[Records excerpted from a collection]
*** Begin section ***

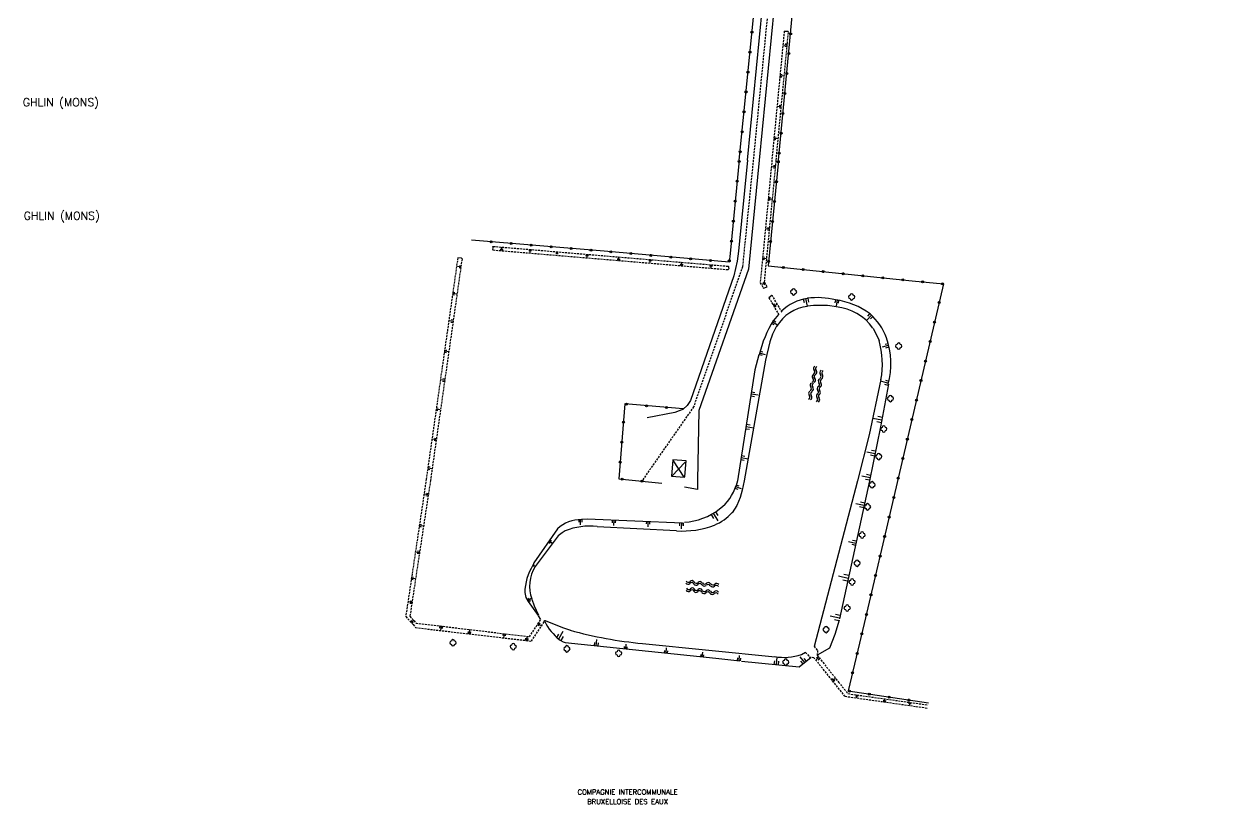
# Model space of a CAD drawing. Header units: millimetres. Extents: x 116000 to 117000, y 128339 to 129000.
# Drawn here: x 116018 to 116316.5, y 128339.1 to 128534 of the extents above; entities that cross this region are included whole.
import ezdxf
from ezdxf.enums import TextEntityAlignment as Align

# ---------------------------------------------------------------- set-up
doc = ezdxf.new("R2010")
doc.units = ezdxf.units.MM
doc.linetypes.add('DASHED', pattern=[0.75, 0.5, -0.25])
for name, color, linetype in [('W0001', 6, 'DASHED'), ('W0008', 7, 'CONTINUOUS'), ('W0100', 7, 'CONTINUOUS'), ('W0112', 1, 'DASHED'), ('W0211', 2, 'CONTINUOUS'), ('W0300', 7, 'CONTINUOUS'), ('W0322', 7, 'CONTINUOUS'), ('W0515', 5, 'CONTINUOUS'), ('W0980', 7, 'CONTINUOUS'), ('W0984', 7, 'CONTINUOUS')]:
    doc.layers.add(name, color=color, linetype=linetype)
doc.styles.get("Standard").update_dxf_attribs({"font": 'romans.shx', "width": 0.85})

msp = doc.modelspace()

# ---------------------------------------------------------------- linework, layer by layer
at = {"layer": 'W0001'}
msp.add_lwpolyline([(116269.46, 128705.93), (116268.91, 128699.44), (116269.38, 128693.04), (116269.05, 128660.4), (116268.1, 128647.56, -0.145877), (116250.69, 128629.11), (116214.41, 128598.28, 0.195046), (116208.7, 128585.93), (116200.3, 128500)], format="xyb", dxfattribs=at)
msp.add_lwpolyline([(116200.3, 128500), (116197.61, 128473.32), (116185.4, 128438.35), (116172.38, 128419.69)], dxfattribs=at)
at = {"layer": 'W0008'}
for points in [[(116205.51, 128569.01), (116198.82, 128500)], [(116208.51, 128569.02), (116201.77, 128500)], [(116198.85, 128500), (116196.64, 128477.22), (116196.31, 128474.77), (116195.48, 128471.09), (116184.6, 128439.96), (116183.8, 128438.69), (116182.76, 128437.75)], [(116201.79, 128500), (116199.13, 128472.77), (116186.71, 128437.41), (116186.35, 128419.97)], [(116182.85, 128437.77), (116180.67, 128436.9), (116173.78, 128435.57)], [(116186.35, 128419.98), (116186.4, 128417.69), (116183.16, 128418.27)]]:
    msp.add_lwpolyline(points, dxfattribs=at)
at = {"layer": 'W0100'}
msp.add_lwpolyline([(116183.22, 128420.97), (116183.57, 128424.81), (116180.18, 128425.11), (116179.86, 128421.04), (116183.16, 128420.75), (116183.22, 128420.97)], close=True, dxfattribs=at)
for points in [[(116183.32, 128424.54), (116179.92, 128421.05)], [(116180.26, 128424.86), (116182.92, 128420.8)]]:
    msp.add_lwpolyline(points, dxfattribs=at)
at = {"layer": 'W0112'}
for points in [[(116208.04, 128532.19), (116204.95, 128500)], [(116206.02, 128500), (116209.11, 128532.07), (116208.96, 128532.22)], [(116204.98, 128500), (116202.04, 128469.35), (116202.87, 128467.97)], [(116203.75, 128468.34), (116203.11, 128469.52), (116206.05, 128500)], [(116135.14, 128478.33), (116135.27, 128478.43), (116194.05, 128473.47), (116194.21, 128473.36)], [(116126.47, 128475.6), (116118.58, 128420.23)], [(116127.36, 128475.5), (116127.53, 128475.34), (116119.64, 128419.94)], [(116135.11, 128477.78), (116135.21, 128477.54), (116194.01, 128472.63), (116194.17, 128472.83)], [(116204.21, 128465.6), (116206.66, 128461.37)], [(116207.49, 128461.96), (116205.1, 128466.07), (116204.92, 128466.12)], [(116118.58, 128420.23), (116113.46, 128385.93), (116115.33, 128383.92), (116115.89, 128383.18), (116144.89, 128379.81), (116148.1, 128384.72)], [(116119.64, 128419.94), (116114.5, 128386.02)], [(116114.5, 128386.02), (116116.08, 128384.31)], [(116116.08, 128384.31), (116144.38, 128380.91)], [(116144.38, 128380.91), (116147.22, 128385.23)], [(116213.37, 128377), (116214.3, 128375.89), (116215.39, 128375.75), (116223.01, 128366.17), (116223.23, 128366.03), (116243.83, 128363.08)], [(116215.49, 128378.53), (116216.32, 128377.52)], [(116216.36, 128377.49), (116216.28, 128376.27), (116221.6, 128369.58), (116223.93, 128366.68), (116243.99, 128363.86)]]:
    msp.add_lwpolyline(points, dxfattribs=at)
at = {"layer": 'W0211'}
for p, q in [((116208.28, 128529.07), (116208.82, 128529.02)), ((116207.72, 128528.81), (116208.79, 128528.71)), ((116208.22, 128528.45), (116208.76, 128528.4)), ((116207.48, 128520.68), (116206.94, 128520.73)), ((116208.04, 128520.93), (116206.97, 128521.04)), ((116207.53, 128521.29), (116207, 128521.34)), ((116206.24, 128513.45), (116207.31, 128513.35)), ((116206.75, 128513.09), (116207.28, 128513.04)), ((116206.81, 128513.71), (116207.34, 128513.66)), ((116205.96, 128505.08), (116205.45, 128505.13)), ((116206.5, 128505.32), (116205.47, 128505.42)), ((116206.01, 128505.67), (116205.5, 128505.72)), ((116204.83, 128498.4), (116205.88, 128498.3)), ((116205.33, 128498.04), (116205.85, 128497.99)), ((116205.38, 128498.65), (116205.91, 128498.6)), ((116205.08, 128490.18), (116204.05, 128490.28)), ((116204.6, 128490.53), (116204.08, 128490.58)), ((116204.54, 128489.94), (116204.02, 128489.99)), ((116203.34, 128482.87), (116204.39, 128482.77)), ((116203.83, 128482.52), (116204.36, 128482.47)), ((116203.89, 128483.13), (116204.42, 128483.08)), ((116137.42, 128478.25), (116137.34, 128477.36)), ((116137.12, 128477.82), (116137.09, 128477.38)), ((116137.64, 128477.78), (116137.6, 128477.34)), ((116144.37, 128477.27), (116144.4, 128477.66)), ((116144.56, 128476.86), (116144.62, 128477.64)), ((116144.81, 128477.23), (116144.85, 128477.62)), ((116151.08, 128476.79), (116151.08, 128476.5)), ((116151.25, 128477.08), (116151.25, 128476.5)), ((116151.42, 128476.79), (116151.42, 128476.5)), ((116158.59, 128476.02), (116158.63, 128476.46)), ((116158.81, 128475.57), (116158.88, 128476.44)), ((116159.09, 128475.98), (116159.13, 128476.41)), ((116166.38, 128475.37), (116166.34, 128474.94)), ((116166.66, 128475.78), (116166.59, 128474.92)), ((116166.88, 128475.33), (116166.84, 128474.9)), ((116203.61, 128475.35), (116202.63, 128475.44)), ((116203.15, 128475.68), (116202.65, 128475.73)), ((116126.39, 128473.48), (116127.25, 128473.36)), ((116126.79, 128473.17), (116127.21, 128473.11)), ((116126.86, 128473.67), (116127.28, 128473.6)), ((116174.39, 128474.75), (116174.42, 128475.13)), ((116174.57, 128474.36), (116174.63, 128475.11)), ((116174.82, 128474.72), (116174.85, 128475.09)), ((116182.11, 128474.05), (116182.07, 128473.62)), ((116182.39, 128474.45), (116182.32, 128473.6)), ((116182.6, 128474.01), (116182.57, 128473.58)), ((116189.56, 128473.42), (116189.59, 128473.85)), ((116189.77, 128472.98), (116189.84, 128473.83)), ((116190.05, 128473.38), (116190.08, 128473.81)), ((116203.09, 128475.11), (116202.6, 128475.16)), ((116202.54, 128468.95), (116203.22, 128469.32)), ((116202.77, 128469.33), (116203.11, 128469.52)), ((116125.66, 128466.26), (116125.15, 128466.33)), ((116126.21, 128466.48), (116125.19, 128466.63)), ((116125.74, 128466.85), (116125.23, 128466.92)), ((116202.98, 128468.94), (116203.32, 128469.12)), ((116205.73, 128463.98), (116205.3, 128463.72)), ((116206.32, 128463.98), (116205.44, 128463.47)), ((116206.03, 128463.47), (116205.59, 128463.22)), ((116213.07, 128464.31), (116212.89, 128465.27)), ((116213.82, 128463.46), (116213.44, 128465.38)), ((116214.18, 128464.53), (116214, 128465.49)), ((116220.8, 128464.36), (116220.91, 128465.06)), ((116221.09, 128463.6), (116221.31, 128464.99)), ((116221.6, 128464.23), (116221.71, 128464.93)), ((116228.67, 128460.02), (116229.83, 128461.27)), ((116228.89, 128460.98), (116229.47, 128461.6)), ((116229.61, 128460.31), (116230.19, 128460.93)), ((116124.23, 128459.91), (116125.31, 128459.75)), ((116124.73, 128459.52), (116125.27, 128459.44)), ((116124.82, 128460.14), (116125.36, 128460.07)), ((116205.5, 128458.79), (116204.87, 128459.16)), ((116206.35, 128458.78), (116205.08, 128459.52)), ((116205.93, 128459.52), (116205.29, 128459.89)), ((116123.63, 128451.82), (116123.09, 128451.9)), ((116124.22, 128452.05), (116123.14, 128452.21)), ((116123.72, 128452.44), (116123.18, 128452.52)), ((116203.34, 128451.36), (116201.88, 128451.75)), ((116202.72, 128451.98), (116201.99, 128452.17)), ((116232.57, 128453.35), (116234.12, 128453.73)), ((116233.24, 128453.99), (116234.01, 128454.18)), ((116233.46, 128453.1), (116234.23, 128453.29)), ((116202.5, 128451.13), (116201.77, 128451.32)), ((116122.72, 128445.41), (116123.26, 128445.34)), ((116122.14, 128445.18), (116123.21, 128445.02)), ((116122.63, 128444.79), (116123.17, 128444.71)), ((116232.36, 128444.72), (116234.09, 128444.28)), ((116233.1, 128444), (116233.97, 128443.78)), ((116233.36, 128445), (116234.22, 128444.78)), ((116200.57, 128440.85), (116199.68, 128440.99)), ((116201.53, 128441.22), (116199.76, 128441.5)), ((116200.73, 128441.87), (116199.84, 128442.01)), ((116121.5, 128437.38), (116121.03, 128437.45)), ((116121.99, 128437.58), (116121.07, 128437.71)), ((116121.57, 128437.91), (116121.11, 128437.98)), ((116199.51, 128433.74), (116198.57, 128433.89)), ((116230.14, 128435.52), (116232.44, 128435.09)), ((116231.17, 128434.64), (116232.31, 128434.43)), ((116231.41, 128435.97), (116232.56, 128435.75)), ((116120.67, 128430.54), (116121.14, 128430.47)), ((116199.34, 128432.66), (116198.4, 128432.8)), ((116200.37, 128433.05), (116198.49, 128433.35)), ((116120.17, 128430.34), (116121.1, 128430.21)), ((116120.6, 128430), (116121.06, 128429.94)), ((116229.83, 128427.52), (116230.87, 128427.31)), ((116198.06, 128424.94), (116197.19, 128425.07)), ((116199.01, 128425.3), (116197.27, 128425.57)), ((116198.22, 128425.94), (116197.35, 128426.08)), ((116228.65, 128427.13), (116230.75, 128426.7)), ((116229.58, 128426.31), (116230.63, 128426.1)), ((116119.47, 128422.62), (116118.93, 128422.69)), ((116120.05, 128422.85), (116118.98, 128423)), ((116119.56, 128423.24), (116119.02, 128423.31)), ((116196.8, 128418.52), (116196.07, 128418.78)), ((116227.46, 128421.09), (116229.51, 128420.67)), ((116228.37, 128420.29), (116229.39, 128420.08)), ((116228.61, 128421.48), (116229.63, 128421.27)), ((116118.04, 128416.57), (116119.1, 128416.41)), ((116118.52, 128416.18), (116119.06, 128416.1)), ((116118.62, 128416.8), (116119.15, 128416.72)), ((116196.5, 128417.68), (116195.78, 128417.94)), ((116197.37, 128417.84), (116195.93, 128418.36)), ((116225.97, 128414.23), (116228.02, 128413.79)), ((116226.87, 128413.42), (116227.89, 128413.19)), ((116227.12, 128414.6), (116228.15, 128414.38)), ((116156.77, 128409.51), (116156.76, 128410.17)), ((116157.16, 128408.85), (116157.15, 128410.18)), ((116157.54, 128409.52), (116157.53, 128410.18)), ((116165.11, 128409.4), (116165.14, 128410.09)), ((116165.48, 128408.68), (116165.54, 128410.08)), ((116165.92, 128409.36), (116165.95, 128410.06)), ((116173.66, 128409.07), (116173.68, 128409.74)), ((116174.02, 128408.38), (116174.07, 128409.73)), ((116174.44, 128409.04), (116174.46, 128409.71)), ((116190.42, 128410.47), (116189.83, 128411.45)), ((116191.57, 128409.84), (116190.4, 128411.79)), ((116191.55, 128411.15), (116190.96, 128412.13)), ((116117.33, 128408.27), (116116.81, 128408.35)), ((116117.91, 128408.49), (116116.85, 128408.65)), ((116117.42, 128408.87), (116116.9, 128408.95)), ((116181.95, 128408.62), (116181.98, 128409.4)), ((116182.37, 128407.83), (116182.43, 128409.38)), ((116182.85, 128408.59), (116182.88, 128409.36)), ((116149.52, 128404.23), (116149.08, 128404.54)), ((116150.14, 128404.18), (116149.26, 128404.79)), ((116149.87, 128404.74), (116149.43, 128405.04)), ((116224.08, 128404.73), (116225.96, 128404.32)), ((116224.9, 128403.99), (116225.84, 128403.78)), ((116225.14, 128405.07), (116226.07, 128404.87)), ((116115.88, 128402.12), (116116.92, 128401.96)), ((116116.35, 128401.74), (116116.87, 128401.66)), ((116116.44, 128402.34), (116116.96, 128402.26)), ((116145.41, 128398.48), (116145.14, 128398.6)), ((116145.75, 128398.5), (116145.21, 128398.76)), ((116145.55, 128398.78), (116145.29, 128398.91)), ((116115.36, 128395.12), (116114.84, 128395.19)), ((116115.91, 128395.34), (116114.89, 128395.49)), ((116115.44, 128395.71), (116114.93, 128395.79)), ((116221.57, 128396.09), (116224.04, 128395.55)), ((116222.65, 128395.11), (116223.89, 128394.84)), ((116222.96, 128396.53), (116224.2, 128396.26)), ((116114.02, 128389.69), (116115.03, 128389.54)), ((116114.48, 128389.32), (116114.99, 128389.25)), ((116114.57, 128389.91), (116115.08, 128389.83)), ((116144.28, 128390.44), (116143.8, 128390.13)), ((116144.92, 128390.47), (116143.98, 128389.86)), ((116144.63, 128389.89), (116144.15, 128389.59)), ((116219.56, 128386.1), (116221.87, 128385.6)), ((116220.86, 128386.52), (116222.02, 128386.27)), ((116114.99, 128384.88), (116114.69, 128384.61)), ((116115.45, 128384.99), (116114.85, 128384.43)), ((116115.31, 128384.54), (116115.01, 128384.26)), ((116121.99, 128383.03), (116122.06, 128383.59)), ((116122.25, 128382.44), (116122.38, 128383.55)), ((116122.63, 128382.96), (116122.7, 128383.51)), ((116146.77, 128383.62), (116146.35, 128383.9)), ((116147.36, 128383.59), (116146.51, 128384.15)), ((116147.09, 128384.11), (116146.67, 128384.39)), ((116220.57, 128385.19), (116221.72, 128384.93)), ((116129.03, 128382.2), (116128.97, 128381.66)), ((116129.41, 128382.71), (116129.28, 128381.62)), ((116129.66, 128382.13), (116129.59, 128381.59)), ((116137.77, 128381.17), (116137.83, 128381.7)), ((116138.01, 128380.61), (116138.13, 128381.66)), ((116138.37, 128381.1), (116138.44, 128381.62)), ((116143.38, 128380.51), (116143.32, 128379.99)), ((116143.74, 128380.99), (116143.62, 128379.96)), ((116143.97, 128380.44), (116143.92, 128379.92)), ((116151.61, 128381.56), (116151.07, 128380.57)), ((116152.73, 128382.25), (116151.65, 128380.26)), ((116152.76, 128380.94), (116152.22, 128379.94)), ((116161.14, 128380.23), (116160.98, 128378.65)), ((116160.6, 128379.49), (116160.52, 128378.7)), ((116161.52, 128379.39), (116161.43, 128378.6)), ((116168.07, 128378.48), (116168.01, 128377.91)), ((116168.46, 128379.02), (116168.34, 128377.88)), ((116168.72, 128378.41), (116168.67, 128377.85)), ((116178.14, 128377.5), (116178.07, 128376.86)), ((116178.57, 128378.1), (116178.44, 128376.82)), ((116178.88, 128377.42), (116178.81, 128376.78)), ((116187.6, 128377.01), (116187.48, 128375.88)), ((116187.21, 128376.48), (116187.15, 128375.91)), ((116187.86, 128376.41), (116187.8, 128375.84)), ((116196.36, 128375.6), (116196.29, 128374.95)), ((116196.8, 128376.2), (116196.66, 128374.91)), ((116197.1, 128375.52), (116197.03, 128374.87)), ((116205.57, 128374.91), (116205.47, 128374)), ((116206.18, 128375.76), (116206, 128373.95)), ((116206.61, 128374.8), (116206.52, 128373.89)), ((116211.96, 128375.89), (116213.13, 128374.44)), ((116212.13, 128374.82), (116212.71, 128374.1)), ((116212.96, 128375.5), (116213.55, 128374.78)), ((116215.92, 128375.07), (116216.72, 128375.71)), ((116216.14, 128375.62), (116216.54, 128375.94)), ((116216.51, 128375.16), (116216.91, 128375.48)), ((116220.29, 128370.41), (116219.89, 128370.09)), ((116220.87, 128370.5), (116220.07, 128369.86)), ((116220.65, 128369.95), (116220.25, 128369.64)), ((116226.04, 128366.01), (116226.09, 128366.38)), ((116226.2, 128365.6), (116226.3, 128366.35)), ((116226.47, 128365.95), (116226.52, 128366.32)), ((116232.87, 128365.04), (116232.82, 128364.66)), ((116233.14, 128365.39), (116233.04, 128364.63)), ((116233.31, 128364.97), (116233.25, 128364.59)), ((116239.22, 128364.14), (116239.27, 128364.52)), ((116239.38, 128363.72), (116239.49, 128364.49)), ((116239.66, 128364.07), (116239.72, 128364.46))]:
    msp.add_line(p, q, dxfattribs=at)
for points in [[(116208.04, 128532.21), (116208.99, 128532.19)], [(116135.27, 128478.43), (116135.11, 128477.78)], [(116127.36, 128475.5), (116126.47, 128475.6)], [(116194.05, 128473.47), (116194.17, 128472.83)], [(116202.87, 128467.97), (116203.75, 128468.34)], [(116204.92, 128466.12), (116204.21, 128465.6)], [(116206.59, 128461.41), (116205.33, 128459.95)], [(116201.72, 128451.34), (116200.72, 128447.59), (116196.37, 128419.85)], [(116234.09, 128444.01), (116232.11, 128433.34), (116229.34, 128419.84)], [(116196.37, 128419.85), (116196.03, 128418.67)], [(116229.34, 128419.84), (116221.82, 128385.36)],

*** End section ***

> [Work request] Show every line from the entries above in which "dxfattribs" appears.

> [Exercise answer]
msp.add_lwpolyline([(116269.46, 128705.93), (116268.91, 128699.44), (116269.38, 128693.04), (116269.05, 128660.4), (116268.1, 128647.56, -0.145877), (116250.69, 128629.11), (116214.41, 128598.28, 0.195046), (116208.7, 128585.93), (116200.3, 128500)], format="xyb", dxfattribs=at)
msp.add_lwpolyline([(116200.3, 128500), (116197.61, 128473.32), (116185.4, 128438.35), (116172.38, 128419.69)], dxfattribs=at)
    msp.add_lwpolyline(points, dxfattribs=at)
msp.add_lwpolyline([(116183.22, 128420.97), (116183.57, 128424.81), (116180.18, 128425.11), (116179.86, 128421.04), (116183.16, 128420.75), (116183.22, 128420.97)], close=True, dxfattribs=at)
    msp.add_lwpolyline(points, dxfattribs=at)
    msp.add_lwpolyline(points, dxfattribs=at)
    msp.add_line(p, q, dxfattribs=at)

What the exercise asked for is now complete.